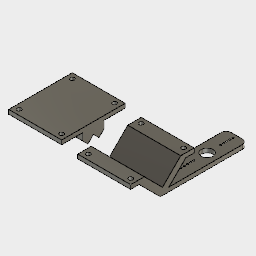
pen-arm (Autodesk Fusion 360 design; units mm, degrees)
Autodesk Fusion 360 part; units mm, degrees
sketch "Sketch1" plane through (0, 0, 0) normal (0, 0, 1) x (1, 0, 0)
  line L0 (-10, -50) -> (10, -50)
  line L1 (10, -50) -> (10, 45)
  line L2 (5, 50) -> (-5, 50)
  line L3 (-10, 45) -> (-10, -50)
  line L4 (-10, -50) -> (10, 50) construction
  line L5 (10, -50) -> (-10, 50) construction
  circle A0 centre (0.0086, 22) radius 5.5
  circle A1 centre (0.0086, 34.5) radius 0.75
  circle A2 centre (0.0086, 37.5) radius 0.75
  circle A3 centre (0.0086, 40.5) radius 0.75
  circle A4 centre (0.0086, 43.5) radius 0.75
  circle A5 centre (0.0086, 46.5) radius 0.75
  arc A6 (10, 45) -> (5, 50) centre (5, 45) ccw
  arc A7 (-5, 50) -> (-10, 45) centre (-5, 45) ccw
  circle A8 centre (0.0086, 9.5) radius 0.75
  circle A9 centre (0.0086, 6.5) radius 0.75
  circle A10 centre (0.0086, 3.5) radius 0.75
  circle A11 centre (0.0086, 0.5) radius 0.75
  circle A12 centre (0.0086, -2.5) radius 0.75
  dimension "d1" = 20
  dimension "d2" = 100
  dimension "d3" = 11
  dimension "d4" = 28
  dimension "d5" = 1.5
  dimension "d6" = 12.5
  dimension "d7" = 1.5
  dimension "d8" = 3
  dimension "d9" = 1.5
  dimension "d10" = 3
  dimension "d11" = 1.5
  dimension "d12" = 3
  dimension "d13" = 1.5
  dimension "d14" = 3
  dimension "d15" = 5
  dimension "d16" = 5
  dimension "d17" = 1.5
  dimension "d18" = 12.5
  dimension "d19" = 1.5
  dimension "d20" = 1.5
  dimension "d21" = 1.5
  dimension "d22" = 1.5
  dimension "d23" = 3
  dimension "d24" = 3
  dimension "d25" = 3
  dimension "d26" = 3
  measures "d1" distance of L4.end L5.end
  measures "d2" distance of L0.end L4.end
  measures "d3" diameter of A0
  measures "d4" distance of L2 A0.centre
  measures "d5" diameter of A1
  measures "d6" distance of A0.centre A1.centre
  measures "d7" diameter of A2
  measures "d8" distance of A1.centre A2.centre
  measures "d9" diameter of A3
  measures "d10" distance of A2.centre A3.centre
  measures "d11" diameter of A4
  measures "d12" distance of A3.centre A4.centre
  measures "d13" diameter of A5
  measures "d14" distance of A4.centre A5.centre
  measures "d15" radius of A6
  measures "d16" radius of A7
  measures "d17" diameter of A8
  measures "d18" distance of A0.centre A8.centre
  measures "d19" diameter of A9
  measures "d20" diameter of A10
  measures "d21" diameter of A11
  measures "d22" diameter of A12
  measures "d23" distance of A8.centre A9.centre
  measures "d24" distance of A9.centre A10.centre
  measures "d25" distance of A10.centre A11.centre
  measures "d26" distance of A11.centre A12.centre
extrude "Extrude1" add sketch "Sketch1" along normal blind 4 makes body 1
sketch "Sketch2" plane through (-10, 0, 0) normal (-1, 0, 0) x (0, -1, 0)
  line L0 (-45, 0) -> (50, 0)
  line L1 (50, 0) -> (50, 4)
  line L2 (50, 4) -> (-45, 4)
  line L3 (-45, 4) -> (-45, 0)
  line L4 (50, 4) -> (10, 4)
  line L5 (10, 4) -> (10, 0)
  line L6 (10, 0) -> (50, 0)
  line L7 (50, 0) -> (50, 4)
  dimension "d31" = 40
  measures "d31" distance of L1.end L4.end
extrude "Extrude2" add sketch "Sketch2" along normal blind 30 contours L0 L1 L2 L4 L5 L6 L7 bodies 1
sketch "Sketch3" plane through (0, 0, 4) normal (0, 0, 1) x (-1, 0, 0)
  circle A0 centre (-0.0086, -0.5) radius 0.75
  circle A1 centre (-0.0086, -34.5) radius 0.75
  circle A2 centre (-0.0086, -37.5) radius 0.75
  circle A3 centre (-0.0086, -40.5) radius 0.75
  circle A4 centre (-0.0086, -6.5) radius 0.75
  circle A5 centre (-0.0086, -46.5) radius 0.75
  circle A6 centre (-0.0086, -43.5) radius 0.75
  circle A7 centre (-0.0086, -9.5) radius 0.75
  circle A8 centre (-0.0086, -22) radius 5.5
  circle A9 centre (-0.0086, 2.5) radius 0.75
  circle A10 centre (-0.0086, -3.5) radius 0.75
  arc A11 (5, -50) -> (10, -45) centre (5, -45) ccw
  line L0 (10, -45) -> (10, 10)
  line L1 (10, 10) -> (40, 10)
  line L2 (40, 10) -> (40, 50)
  line L3 (40, 50) -> (-10, 50)
  line L4 (-10, 50) -> (-10, -45)
  arc A12 (-10, -45) -> (-5, -50) centre (-5, -45) ccw
  line L5 (-5, -50) -> (5, -50)
  line L6 (-10, 50) -> (40, 50)
  line L7 (40, 50) -> (40, 10)
  line L8 (40, 10) -> (-10, 10)
  line L9 (-10, 10) -> (-10, 50)
extrude "Extrude3" add sketch "Sketch3" along normal blind 20 contours L1 L2 L3 L4 L6 L7 L8 L9 bodies 1
sketch "Sketch4" plane through (0, 0, 24) normal (0, 0, 1) x (-1, 0, 0)
  line L0 (-10, 10) -> (40, 10)
  line L1 (40, 10) -> (40, 50)
  line L2 (40, 50) -> (-10, 50)
  line L3 (-10, 50) -> (-10, 10)
  line L4 (40, 30) -> (-10, 30)
split "Split1" by curves path "Sketch4" along L4 bodies 1 makes body 2 at (-6.6667, -50, 16)
draft "Draft1" angle -45 neutral plane through (-40, -50, 4) pull (0, -1, 0) 1 faces at (-6.6667, -43.3333, 24) on bodies 2
draft "Draft2" angle -45 neutral plane through (-10, -10, 4) pull (0, 1, 0) 1 faces at (-6.6667, -23.3333, 24) on bodies 1
combine "Combine1" operation add target body 2 tool bodies 1
sketch "Sketch5" plane through (0, -10, 0) normal (0, 1, 0) x (-1, 0, 0)
  line L0 (10, 4) -> (10, 0)
  line L1 (10, 0) -> (40, 0)
  line L2 (40, 0) -> (40, 24)
  line L3 (40, 24) -> (-10, 24)
  line L4 (-10, 24) -> (-10, 4)
  line L5 (-10, 4) -> (10, 4)
  line L6 (-10, 24) -> (40, 24)
  line L7 (40, 24) -> (40, 20)
  line L8 (40, 20) -> (-10, 20)
  line L9 (-10, 20) -> (-10, 24)
  dimension "d40" = 4
  measures "d40" distance of L3.end L8.end
extrude "Extrude4" add sketch "Sketch5" along normal blind 10 contours L2 L3 L4 L6 L7 L8 L9 bodies 2
sketch "Sketch6" plane through (0, -50, 0) normal (0, -1, 0) x (1, 0, 0)
  line L0 (-40, 0) -> (10, 0)
  line L1 (10, 0) -> (10, 24)
  line L2 (10, 24) -> (-40, 24)
  line L3 (-40, 24) -> (-40, 0)
  line L4 (-40, 24) -> (10, 24)
  line L5 (10, 24) -> (10, 20)
  line L6 (10, 20) -> (-40, 20)
  line L7 (-40, 20) -> (-40, 24)
  dimension "d43" = 4
  measures "d43" distance of L2.end L6.end
extrude "Extrude5" add sketch "Sketch6" along normal blind 10 contours L1 L2 L3 L4 L5 L6 L7 bodies 2
chamfer "Chamfer1" distance 2 angle 45 1 edges at (-15, -10, 20) on bodies 2
chamfer "Chamfer2" distance 2 angle 45 1 edges at (-15, -50, 20) on bodies 2
sketch "Sketch7" plane through (0, 0, 0) normal (0, 0, 1) x (1, 0, 0)
  line L0 (-49.9475, -0.0799) -> (-99.9475, -0.0799)
  line L1 (-99.9475, -0.0799) -> (-99.9475, -60.0799)
  line L2 (-99.9475, -60.0799) -> (-49.9475, -60.0799)
  line L3 (-49.9475, -60.0799) -> (-49.9475, -0.0799)
  dimension "d48" = 50
  dimension "d49" = 60
  measures "d48" distance of L0.start L0.end
  measures "d49" distance of L0.start L2.end
extrude "Extrude6" add sketch "Sketch7" along normal blind 4 separate body makes body 3
sketch "Sketch8" plane through (0, 0, 4) normal (0, 0, 1) x (-1, 0, 0)
  line L0 (49.9475, 60.0799) -> (49.9475, 0.0799)
  line L1 (49.9475, 0.0799) -> (99.9475, 0.0799)
  line L2 (99.9475, 0.0799) -> (99.9475, 60.0799)
  line L3 (99.9475, 60.0799) -> (49.9475, 60.0799)
  line L4 (99.9475, 30.0799) -> (49.9475, 30.0799)
  line L5 (99.9475, 40.0799) -> (49.9475, 40.0799)
  line L6 (99.9475, 20.0799) -> (49.9475, 20.0799)
  dimension "d52" = 10
  dimension "d53" = 10
  measures "d52" distance of L4 L5
  measures "d53" distance of L4 L6
extrude "Extrude7" add sketch "Sketch8" along normal blind 10 contours L0 L2 L4 L5 bodies 3
chamfer "Chamfer3" distance 7 angle 45 1 edges at (-74.9475, -30.0799, 14) on bodies 3
extrude "Extrude8" add sketch "Sketch8" along normal blind 10 contours L0 L2 L4 L6 bodies 3
chamfer "Chamfer4" distance 7 angle 45 1 edges at (-74.9475, -30.0799, 14) on bodies 3
sketch "Sketch9" plane through (0, 0, 24) normal (0, 0, 1) x (-1, 0, 0)
  line L0 (40, 10) -> (-10, 10)
  line L1 (-10, 10) -> (-10, 0)
  line L2 (-10, 0) -> (40, 0)
  line L3 (40, 0) -> (40, 10)
  circle A0 centre (-5, 5) radius 2
  circle A1 centre (35, 5) radius 2
  circle A2 centre (35, 55) radius 2
  circle A3 centre (-5, 55) radius 2
  circle A4 centre (54.9475, 5.0799) radius 2
  circle A5 centre (94.9475, 5.0799) radius 2
  circle A6 centre (94.9475, 55.0799) radius 2
  circle A7 centre (54.9475, 55.0799) radius 2
  line L4 (-10, 60) -> (40, 60)
  line L5 (40, 50) -> (40, 60)
  line L6 (-10, 50) -> (-10, 60)
  line L7 (99.9475, 60.0799) -> (49.9475, 60.0799)
  line L8 (99.9475, 0.0799) -> (99.9475, 60.0799)
  line L9 (49.9475, 60.0799) -> (49.9475, 0.0799)
  line L10 (49.9475, 0.0799) -> (99.9475, 0.0799)
  dimension "d60" = 4
  dimension "d61" = 4
  dimension "d62" = 4
  dimension "d63" = 4
  dimension "d64" = 4
  dimension "d65" = 4
  dimension "d66" = 4
  dimension "d67" = 4
  dimension "d68" = 5
  dimension "d69" = 5
  dimension "d70" = 5
  dimension "d71" = 5
  dimension "d72" = 5
  dimension "d73" = 5
  dimension "d74" = 5
  dimension "d75" = 5
  dimension "d76" = 5
  dimension "d77" = 5
  dimension "d78" = 5
  dimension "d79" = 5
  dimension "d80" = 5
  dimension "d81" = 5
  dimension "d82" = 5
  dimension "d83" = 5
  measures "d60" diameter of A0
  measures "d61" diameter of A1
  measures "d62" diameter of A2
  measures "d63" diameter of A3
  measures "d64" diameter of A4
  measures "d65" diameter of A5
  measures "d66" diameter of A6
  measures "d67" diameter of A7
  measures "d68" distance of L2 A1.centre
  measures "d69" distance of L3 A1.centre
  measures "d70" distance of L2 A0.centre
  measures "d71" distance of L1 A0.centre
  measures "d72" distance of A2.centre L4
  measures "d73" distance of A2.centre L5
  measures "d74" distance of A3.centre L4
  measures "d75" distance of A3.centre L6
  measures "d76" distance of A6.centre L7
  measures "d77" distance of A6.centre L8
  measures "d78" distance of A7.centre L9
  measures "d79" distance of A7.centre L7
  measures "d80" distance of A4.centre L9
  measures "d81" distance of A4.centre L10
  measures "d82" distance of A5.centre L10
  measures "d83" distance of A5.centre L8
extrude "Extrude9" cut sketch "Sketch9" against normal blind 31 contours A2 bodies 2
extrude "Extrude10" cut sketch "Sketch9" against normal blind 20 contours A3 bodies 2
extrude "Extrude11" cut sketch "Sketch9" against normal blind 20 contours A0 bodies 2
extrude "Extrude12" cut sketch "Sketch9" against normal blind 10 contours A1 bodies 2
extrude "Extrude13" cut sketch "Sketch9" against normal blind 33 contours A5 bodies 3
extrude "Extrude14" cut sketch "Sketch9" against normal blind 42 contours A4 bodies 3
extrude "Extrude15" cut sketch "Sketch9" against normal blind 43 contours A7 bodies 3
extrude "Extrude16" cut sketch "Sketch9" against normal blind 35 contours A6 bodies 3
move_body "Move1" bodies 3 to x (1, 0, 0) y (0, -1, 0) z (0, 0, -1) at (-5, -60.1598, 28)
chamfer "Chamfer5" distance 3 angle 45 1 edges at (-79.9475, -20.0799, 14) on bodies 3
chamfer "Chamfer6" distance 3 angle 45 1 edges at (-79.9475, -40.0799, 14) on bodies 3
move_face "OffsetFaces1" offset 2 1 faces at (-6.6667, -16.6667, 17.3333) on bodies 2
move_face "OffsetFaces2" offset 2 1 faces at (-23.3333, -37.6095, 11.6095) on bodies 2
chamfer "Chamfer7" distance 18 angle 45 1 edges at (-15, -50, 0) on bodies 2
chamfer "Chamfer8" distance 18 angle 45 1 edges at (-25, -10, 0) on bodies 2
move_face "OffsetFaces3" offset 2.5 3 faces at (-71.6142, -37.079, 14) (-88.2809, -32.4128, 18.6657) (-88.2809, -30.0799, 20.9995) on bodies 3
move_face "OffsetFaces4" offset 2.5 2 faces at (-71.6142, -26.5676, 17.4877) (-71.6142, -23.0795, 14) on bodies 3
============
WHAT YOU HAVE TO DO ::
Beginning with the line containing "line L0 (-10, 10) -> (40, 10)" and ending with the line containing "line L0 (10, 4) -> (10, 0)", extract those lines exactly from the listing above, and only those.

TASK RESULT ::
  line L0 (-10, 10) -> (40, 10)
  line L1 (40, 10) -> (40, 50)
  line L2 (40, 50) -> (-10, 50)
  line L3 (-10, 50) -> (-10, 10)
  line L4 (40, 30) -> (-10, 30)
split "Split1" by curves path "Sketch4" along L4 bodies 1 makes body 2 at (-6.6667, -50, 16)
draft "Draft1" angle -45 neutral plane through (-40, -50, 4) pull (0, -1, 0) 1 faces at (-6.6667, -43.3333, 24) on bodies 2
draft "Draft2" angle -45 neutral plane through (-10, -10, 4) pull (0, 1, 0) 1 faces at (-6.6667, -23.3333, 24) on bodies 1
combine "Combine1" operation add target body 2 tool bodies 1
sketch "Sketch5" plane through (0, -10, 0) normal (0, 1, 0) x (-1, 0, 0)
  line L0 (10, 4) -> (10, 0)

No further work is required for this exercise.